_Supplied entries:_

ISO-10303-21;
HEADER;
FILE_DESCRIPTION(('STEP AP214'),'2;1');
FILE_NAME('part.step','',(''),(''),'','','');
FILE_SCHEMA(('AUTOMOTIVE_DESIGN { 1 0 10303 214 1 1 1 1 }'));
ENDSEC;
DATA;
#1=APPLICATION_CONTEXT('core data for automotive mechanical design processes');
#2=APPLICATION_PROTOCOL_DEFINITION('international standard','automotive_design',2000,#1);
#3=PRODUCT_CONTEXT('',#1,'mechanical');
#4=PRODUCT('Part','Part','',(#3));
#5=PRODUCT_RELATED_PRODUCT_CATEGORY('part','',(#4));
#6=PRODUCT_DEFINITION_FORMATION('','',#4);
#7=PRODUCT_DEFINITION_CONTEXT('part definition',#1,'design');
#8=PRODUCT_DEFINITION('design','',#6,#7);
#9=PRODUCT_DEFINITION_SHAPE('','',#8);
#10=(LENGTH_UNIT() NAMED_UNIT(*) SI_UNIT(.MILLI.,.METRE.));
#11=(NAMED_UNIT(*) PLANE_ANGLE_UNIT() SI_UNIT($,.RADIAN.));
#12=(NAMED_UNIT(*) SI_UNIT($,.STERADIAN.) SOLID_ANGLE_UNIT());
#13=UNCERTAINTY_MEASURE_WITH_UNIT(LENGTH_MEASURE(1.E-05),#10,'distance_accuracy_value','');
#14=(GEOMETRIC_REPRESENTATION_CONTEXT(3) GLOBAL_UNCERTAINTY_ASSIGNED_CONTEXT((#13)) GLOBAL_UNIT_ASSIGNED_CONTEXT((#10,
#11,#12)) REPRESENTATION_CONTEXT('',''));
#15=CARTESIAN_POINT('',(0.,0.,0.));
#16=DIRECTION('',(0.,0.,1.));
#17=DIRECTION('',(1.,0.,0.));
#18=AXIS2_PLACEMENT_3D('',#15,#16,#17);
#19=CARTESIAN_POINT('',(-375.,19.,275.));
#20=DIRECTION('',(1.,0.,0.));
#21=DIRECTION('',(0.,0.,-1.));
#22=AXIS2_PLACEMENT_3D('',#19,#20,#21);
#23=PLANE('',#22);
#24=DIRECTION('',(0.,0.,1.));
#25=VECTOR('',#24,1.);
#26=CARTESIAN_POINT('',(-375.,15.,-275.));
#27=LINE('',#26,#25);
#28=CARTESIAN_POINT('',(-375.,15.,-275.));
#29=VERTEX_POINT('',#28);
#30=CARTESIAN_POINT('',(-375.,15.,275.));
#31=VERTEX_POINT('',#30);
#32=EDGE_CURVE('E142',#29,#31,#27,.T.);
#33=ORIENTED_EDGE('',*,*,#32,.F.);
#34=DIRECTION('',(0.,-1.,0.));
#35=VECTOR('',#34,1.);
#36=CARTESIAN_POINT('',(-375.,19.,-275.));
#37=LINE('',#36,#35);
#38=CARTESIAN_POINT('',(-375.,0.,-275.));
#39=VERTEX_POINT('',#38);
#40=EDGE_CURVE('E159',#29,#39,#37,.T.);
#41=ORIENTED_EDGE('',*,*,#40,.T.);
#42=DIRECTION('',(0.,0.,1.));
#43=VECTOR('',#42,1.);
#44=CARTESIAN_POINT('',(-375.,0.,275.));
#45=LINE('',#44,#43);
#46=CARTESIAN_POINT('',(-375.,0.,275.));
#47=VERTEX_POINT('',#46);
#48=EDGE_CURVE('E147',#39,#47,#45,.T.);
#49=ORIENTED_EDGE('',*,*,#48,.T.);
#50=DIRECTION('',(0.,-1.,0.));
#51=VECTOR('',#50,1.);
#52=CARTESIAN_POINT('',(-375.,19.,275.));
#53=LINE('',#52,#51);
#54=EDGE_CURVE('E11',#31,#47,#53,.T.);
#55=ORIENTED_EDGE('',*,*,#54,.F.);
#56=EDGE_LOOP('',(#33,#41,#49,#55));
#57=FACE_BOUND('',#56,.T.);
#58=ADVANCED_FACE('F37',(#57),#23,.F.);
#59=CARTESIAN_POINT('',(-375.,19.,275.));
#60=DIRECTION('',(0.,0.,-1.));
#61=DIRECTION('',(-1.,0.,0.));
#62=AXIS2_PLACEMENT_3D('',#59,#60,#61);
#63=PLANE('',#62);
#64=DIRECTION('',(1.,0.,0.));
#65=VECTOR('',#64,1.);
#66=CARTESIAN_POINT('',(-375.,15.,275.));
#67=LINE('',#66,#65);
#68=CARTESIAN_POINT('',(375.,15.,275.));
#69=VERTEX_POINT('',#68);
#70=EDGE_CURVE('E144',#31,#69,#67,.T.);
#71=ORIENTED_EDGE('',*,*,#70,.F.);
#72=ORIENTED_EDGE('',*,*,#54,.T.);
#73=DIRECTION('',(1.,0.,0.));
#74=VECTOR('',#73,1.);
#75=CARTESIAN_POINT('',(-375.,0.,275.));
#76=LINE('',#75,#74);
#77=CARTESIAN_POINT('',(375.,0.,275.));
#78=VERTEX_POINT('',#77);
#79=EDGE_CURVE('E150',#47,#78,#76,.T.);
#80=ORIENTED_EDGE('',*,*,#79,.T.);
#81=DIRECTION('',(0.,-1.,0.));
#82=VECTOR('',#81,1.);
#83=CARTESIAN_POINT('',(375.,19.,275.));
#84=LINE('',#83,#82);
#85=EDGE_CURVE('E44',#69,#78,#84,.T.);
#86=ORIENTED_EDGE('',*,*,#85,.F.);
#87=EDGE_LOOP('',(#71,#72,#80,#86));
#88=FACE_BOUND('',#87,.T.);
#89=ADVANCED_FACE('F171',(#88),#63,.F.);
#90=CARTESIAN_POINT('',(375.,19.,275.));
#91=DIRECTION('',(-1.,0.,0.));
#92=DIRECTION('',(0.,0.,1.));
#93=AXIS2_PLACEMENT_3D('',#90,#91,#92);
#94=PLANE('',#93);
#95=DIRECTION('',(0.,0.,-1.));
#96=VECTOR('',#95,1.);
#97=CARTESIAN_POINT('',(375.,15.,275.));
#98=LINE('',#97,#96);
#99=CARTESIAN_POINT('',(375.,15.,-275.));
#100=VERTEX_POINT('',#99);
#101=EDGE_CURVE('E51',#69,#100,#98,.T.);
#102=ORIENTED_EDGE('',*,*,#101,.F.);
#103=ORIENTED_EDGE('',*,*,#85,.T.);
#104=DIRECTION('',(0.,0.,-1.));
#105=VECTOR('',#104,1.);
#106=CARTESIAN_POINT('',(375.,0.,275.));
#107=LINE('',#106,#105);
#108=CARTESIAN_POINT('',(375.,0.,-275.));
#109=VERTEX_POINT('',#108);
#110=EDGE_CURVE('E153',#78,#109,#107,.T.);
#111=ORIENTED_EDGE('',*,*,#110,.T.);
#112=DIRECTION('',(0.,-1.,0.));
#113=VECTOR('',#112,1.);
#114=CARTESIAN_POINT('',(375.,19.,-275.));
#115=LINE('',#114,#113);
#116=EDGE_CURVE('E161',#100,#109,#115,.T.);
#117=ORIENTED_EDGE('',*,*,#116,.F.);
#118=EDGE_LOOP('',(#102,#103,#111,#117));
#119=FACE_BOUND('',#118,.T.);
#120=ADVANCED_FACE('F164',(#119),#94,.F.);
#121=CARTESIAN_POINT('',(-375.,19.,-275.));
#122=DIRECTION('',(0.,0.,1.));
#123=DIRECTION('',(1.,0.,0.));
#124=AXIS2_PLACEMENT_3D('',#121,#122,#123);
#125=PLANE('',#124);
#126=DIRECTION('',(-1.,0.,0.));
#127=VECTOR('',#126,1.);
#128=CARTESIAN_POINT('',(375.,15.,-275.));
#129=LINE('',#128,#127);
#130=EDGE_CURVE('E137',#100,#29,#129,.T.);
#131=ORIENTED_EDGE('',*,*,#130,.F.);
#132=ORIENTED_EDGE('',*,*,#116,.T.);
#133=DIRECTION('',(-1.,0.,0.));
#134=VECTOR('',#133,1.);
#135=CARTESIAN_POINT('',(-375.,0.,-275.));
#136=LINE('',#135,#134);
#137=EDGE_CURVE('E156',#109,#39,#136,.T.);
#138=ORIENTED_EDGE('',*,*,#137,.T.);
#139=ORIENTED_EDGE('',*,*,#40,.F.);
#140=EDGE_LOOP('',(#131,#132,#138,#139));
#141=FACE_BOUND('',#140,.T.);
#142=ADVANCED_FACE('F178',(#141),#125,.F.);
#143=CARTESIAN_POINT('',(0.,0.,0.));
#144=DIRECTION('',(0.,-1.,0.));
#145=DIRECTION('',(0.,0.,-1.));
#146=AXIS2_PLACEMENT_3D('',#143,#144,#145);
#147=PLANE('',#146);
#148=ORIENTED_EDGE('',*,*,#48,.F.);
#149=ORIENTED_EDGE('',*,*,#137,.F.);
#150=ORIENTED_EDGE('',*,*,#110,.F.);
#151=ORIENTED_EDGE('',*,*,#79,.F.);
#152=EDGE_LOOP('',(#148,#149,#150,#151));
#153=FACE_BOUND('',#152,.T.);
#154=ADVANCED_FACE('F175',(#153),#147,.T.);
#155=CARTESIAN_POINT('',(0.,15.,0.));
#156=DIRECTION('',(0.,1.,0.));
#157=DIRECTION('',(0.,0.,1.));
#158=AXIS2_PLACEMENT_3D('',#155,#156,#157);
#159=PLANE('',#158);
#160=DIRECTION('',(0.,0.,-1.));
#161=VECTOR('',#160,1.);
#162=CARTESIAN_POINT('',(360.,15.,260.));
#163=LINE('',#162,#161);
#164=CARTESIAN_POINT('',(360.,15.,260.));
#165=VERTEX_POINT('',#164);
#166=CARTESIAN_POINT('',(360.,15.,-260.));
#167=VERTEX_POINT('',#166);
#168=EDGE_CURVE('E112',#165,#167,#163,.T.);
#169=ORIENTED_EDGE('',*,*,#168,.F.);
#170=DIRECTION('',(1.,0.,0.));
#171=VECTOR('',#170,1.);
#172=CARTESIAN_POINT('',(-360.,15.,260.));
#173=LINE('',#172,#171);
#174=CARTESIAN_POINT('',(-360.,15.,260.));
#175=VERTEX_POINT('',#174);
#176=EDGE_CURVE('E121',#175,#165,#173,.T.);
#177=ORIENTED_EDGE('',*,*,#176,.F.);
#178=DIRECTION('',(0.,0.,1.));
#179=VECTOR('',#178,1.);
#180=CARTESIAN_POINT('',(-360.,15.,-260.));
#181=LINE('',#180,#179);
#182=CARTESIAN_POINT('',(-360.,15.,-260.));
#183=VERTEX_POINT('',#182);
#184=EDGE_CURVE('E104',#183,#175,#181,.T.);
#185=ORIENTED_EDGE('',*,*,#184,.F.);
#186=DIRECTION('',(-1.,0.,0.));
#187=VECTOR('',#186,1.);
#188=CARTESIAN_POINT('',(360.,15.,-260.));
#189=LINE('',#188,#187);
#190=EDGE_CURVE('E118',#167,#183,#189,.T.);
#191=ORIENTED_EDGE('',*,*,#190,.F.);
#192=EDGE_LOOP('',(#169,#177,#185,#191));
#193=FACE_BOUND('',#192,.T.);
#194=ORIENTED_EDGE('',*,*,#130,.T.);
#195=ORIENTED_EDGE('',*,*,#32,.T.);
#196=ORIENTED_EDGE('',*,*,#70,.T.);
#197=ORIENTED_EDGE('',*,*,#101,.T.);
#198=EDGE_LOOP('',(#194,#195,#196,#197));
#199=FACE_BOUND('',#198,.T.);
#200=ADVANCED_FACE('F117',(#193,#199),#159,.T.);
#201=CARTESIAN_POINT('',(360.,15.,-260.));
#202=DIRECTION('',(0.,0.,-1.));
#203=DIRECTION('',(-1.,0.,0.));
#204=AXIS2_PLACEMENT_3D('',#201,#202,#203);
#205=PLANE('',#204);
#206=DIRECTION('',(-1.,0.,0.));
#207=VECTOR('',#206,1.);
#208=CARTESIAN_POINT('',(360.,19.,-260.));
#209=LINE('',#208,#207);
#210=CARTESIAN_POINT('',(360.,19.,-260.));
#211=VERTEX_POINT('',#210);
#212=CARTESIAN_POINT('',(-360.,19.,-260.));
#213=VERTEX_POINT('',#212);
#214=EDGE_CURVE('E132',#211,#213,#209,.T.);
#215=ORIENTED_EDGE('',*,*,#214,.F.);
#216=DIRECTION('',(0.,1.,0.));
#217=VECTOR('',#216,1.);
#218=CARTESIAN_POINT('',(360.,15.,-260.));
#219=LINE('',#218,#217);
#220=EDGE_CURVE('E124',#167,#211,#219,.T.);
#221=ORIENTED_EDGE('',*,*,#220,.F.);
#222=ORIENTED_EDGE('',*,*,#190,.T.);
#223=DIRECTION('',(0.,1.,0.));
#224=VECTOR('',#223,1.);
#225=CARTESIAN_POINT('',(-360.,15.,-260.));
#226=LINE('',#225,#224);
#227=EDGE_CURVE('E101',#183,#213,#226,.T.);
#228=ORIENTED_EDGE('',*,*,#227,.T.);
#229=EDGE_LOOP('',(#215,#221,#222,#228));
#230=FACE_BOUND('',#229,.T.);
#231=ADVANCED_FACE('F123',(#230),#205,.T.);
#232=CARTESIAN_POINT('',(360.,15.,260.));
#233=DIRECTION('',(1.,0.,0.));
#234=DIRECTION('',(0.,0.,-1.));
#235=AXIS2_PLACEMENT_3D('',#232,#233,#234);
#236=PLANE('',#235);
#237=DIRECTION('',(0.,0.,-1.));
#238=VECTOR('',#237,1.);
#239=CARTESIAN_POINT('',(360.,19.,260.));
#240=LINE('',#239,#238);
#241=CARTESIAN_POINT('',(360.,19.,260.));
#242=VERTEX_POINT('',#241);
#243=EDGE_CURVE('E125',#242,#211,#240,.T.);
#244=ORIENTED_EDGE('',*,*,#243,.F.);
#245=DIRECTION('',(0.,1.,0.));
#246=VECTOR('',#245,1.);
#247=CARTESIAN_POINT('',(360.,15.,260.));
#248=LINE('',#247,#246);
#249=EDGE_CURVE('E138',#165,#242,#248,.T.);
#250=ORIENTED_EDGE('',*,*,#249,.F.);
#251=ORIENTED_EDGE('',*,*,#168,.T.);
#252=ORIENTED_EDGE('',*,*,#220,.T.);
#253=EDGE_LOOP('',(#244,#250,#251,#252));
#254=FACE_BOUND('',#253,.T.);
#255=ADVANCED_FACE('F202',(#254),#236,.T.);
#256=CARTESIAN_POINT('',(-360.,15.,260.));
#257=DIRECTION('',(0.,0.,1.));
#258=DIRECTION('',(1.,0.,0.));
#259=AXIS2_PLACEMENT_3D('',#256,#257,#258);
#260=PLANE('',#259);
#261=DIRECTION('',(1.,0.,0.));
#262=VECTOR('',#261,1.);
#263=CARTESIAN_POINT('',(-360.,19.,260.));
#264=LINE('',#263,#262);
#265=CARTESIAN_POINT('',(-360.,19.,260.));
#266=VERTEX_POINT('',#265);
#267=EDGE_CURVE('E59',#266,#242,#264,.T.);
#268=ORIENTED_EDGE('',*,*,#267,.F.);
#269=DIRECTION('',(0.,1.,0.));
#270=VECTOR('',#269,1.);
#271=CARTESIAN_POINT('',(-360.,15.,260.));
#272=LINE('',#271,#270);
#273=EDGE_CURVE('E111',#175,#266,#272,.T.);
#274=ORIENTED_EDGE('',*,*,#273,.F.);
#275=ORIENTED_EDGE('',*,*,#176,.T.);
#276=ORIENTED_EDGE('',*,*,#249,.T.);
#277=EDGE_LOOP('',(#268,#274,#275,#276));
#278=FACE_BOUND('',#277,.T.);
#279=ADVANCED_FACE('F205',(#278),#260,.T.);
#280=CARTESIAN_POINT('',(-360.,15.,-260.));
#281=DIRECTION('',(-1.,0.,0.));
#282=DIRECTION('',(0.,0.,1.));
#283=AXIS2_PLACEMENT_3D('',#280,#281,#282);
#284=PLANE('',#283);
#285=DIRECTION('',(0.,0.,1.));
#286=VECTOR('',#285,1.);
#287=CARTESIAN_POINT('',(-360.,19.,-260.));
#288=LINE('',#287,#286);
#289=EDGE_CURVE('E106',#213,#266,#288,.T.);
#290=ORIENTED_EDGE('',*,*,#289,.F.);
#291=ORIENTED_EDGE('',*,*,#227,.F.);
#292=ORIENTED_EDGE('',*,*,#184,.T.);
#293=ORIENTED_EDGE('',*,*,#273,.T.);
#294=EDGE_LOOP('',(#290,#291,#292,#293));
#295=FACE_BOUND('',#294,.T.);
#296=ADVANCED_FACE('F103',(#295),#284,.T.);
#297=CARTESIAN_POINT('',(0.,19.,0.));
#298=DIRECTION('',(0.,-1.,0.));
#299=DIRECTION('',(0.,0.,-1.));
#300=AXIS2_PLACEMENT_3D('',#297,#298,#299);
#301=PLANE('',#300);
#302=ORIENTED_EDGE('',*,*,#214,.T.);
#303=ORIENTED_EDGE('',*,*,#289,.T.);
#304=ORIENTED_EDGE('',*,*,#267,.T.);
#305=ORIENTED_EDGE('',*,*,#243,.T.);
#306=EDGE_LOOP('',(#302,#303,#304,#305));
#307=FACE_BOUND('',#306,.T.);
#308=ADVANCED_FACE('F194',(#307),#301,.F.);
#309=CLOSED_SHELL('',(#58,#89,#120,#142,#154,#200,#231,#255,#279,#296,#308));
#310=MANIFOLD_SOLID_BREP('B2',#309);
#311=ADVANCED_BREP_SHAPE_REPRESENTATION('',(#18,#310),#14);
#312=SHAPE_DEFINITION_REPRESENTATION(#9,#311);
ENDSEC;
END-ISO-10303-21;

_Your objective:_ As the answer, set down only the lines from the data above between the one holding "#250=ORIENTED_EDGE('',*,*,#249,.F.);" and the one holding "#262=VECTOR('',#261,1.);", inclusive, exactly as they read.

_Answer box:_
#250=ORIENTED_EDGE('',*,*,#249,.F.);
#251=ORIENTED_EDGE('',*,*,#168,.T.);
#252=ORIENTED_EDGE('',*,*,#220,.T.);
#253=EDGE_LOOP('',(#244,#250,#251,#252));
#254=FACE_BOUND('',#253,.T.);
#255=ADVANCED_FACE('F202',(#254),#236,.T.);
#256=CARTESIAN_POINT('',(-360.,15.,260.));
#257=DIRECTION('',(0.,0.,1.));
#258=DIRECTION('',(1.,0.,0.));
#259=AXIS2_PLACEMENT_3D('',#256,#257,#258);
#260=PLANE('',#259);
#261=DIRECTION('',(1.,0.,0.));
#262=VECTOR('',#261,1.);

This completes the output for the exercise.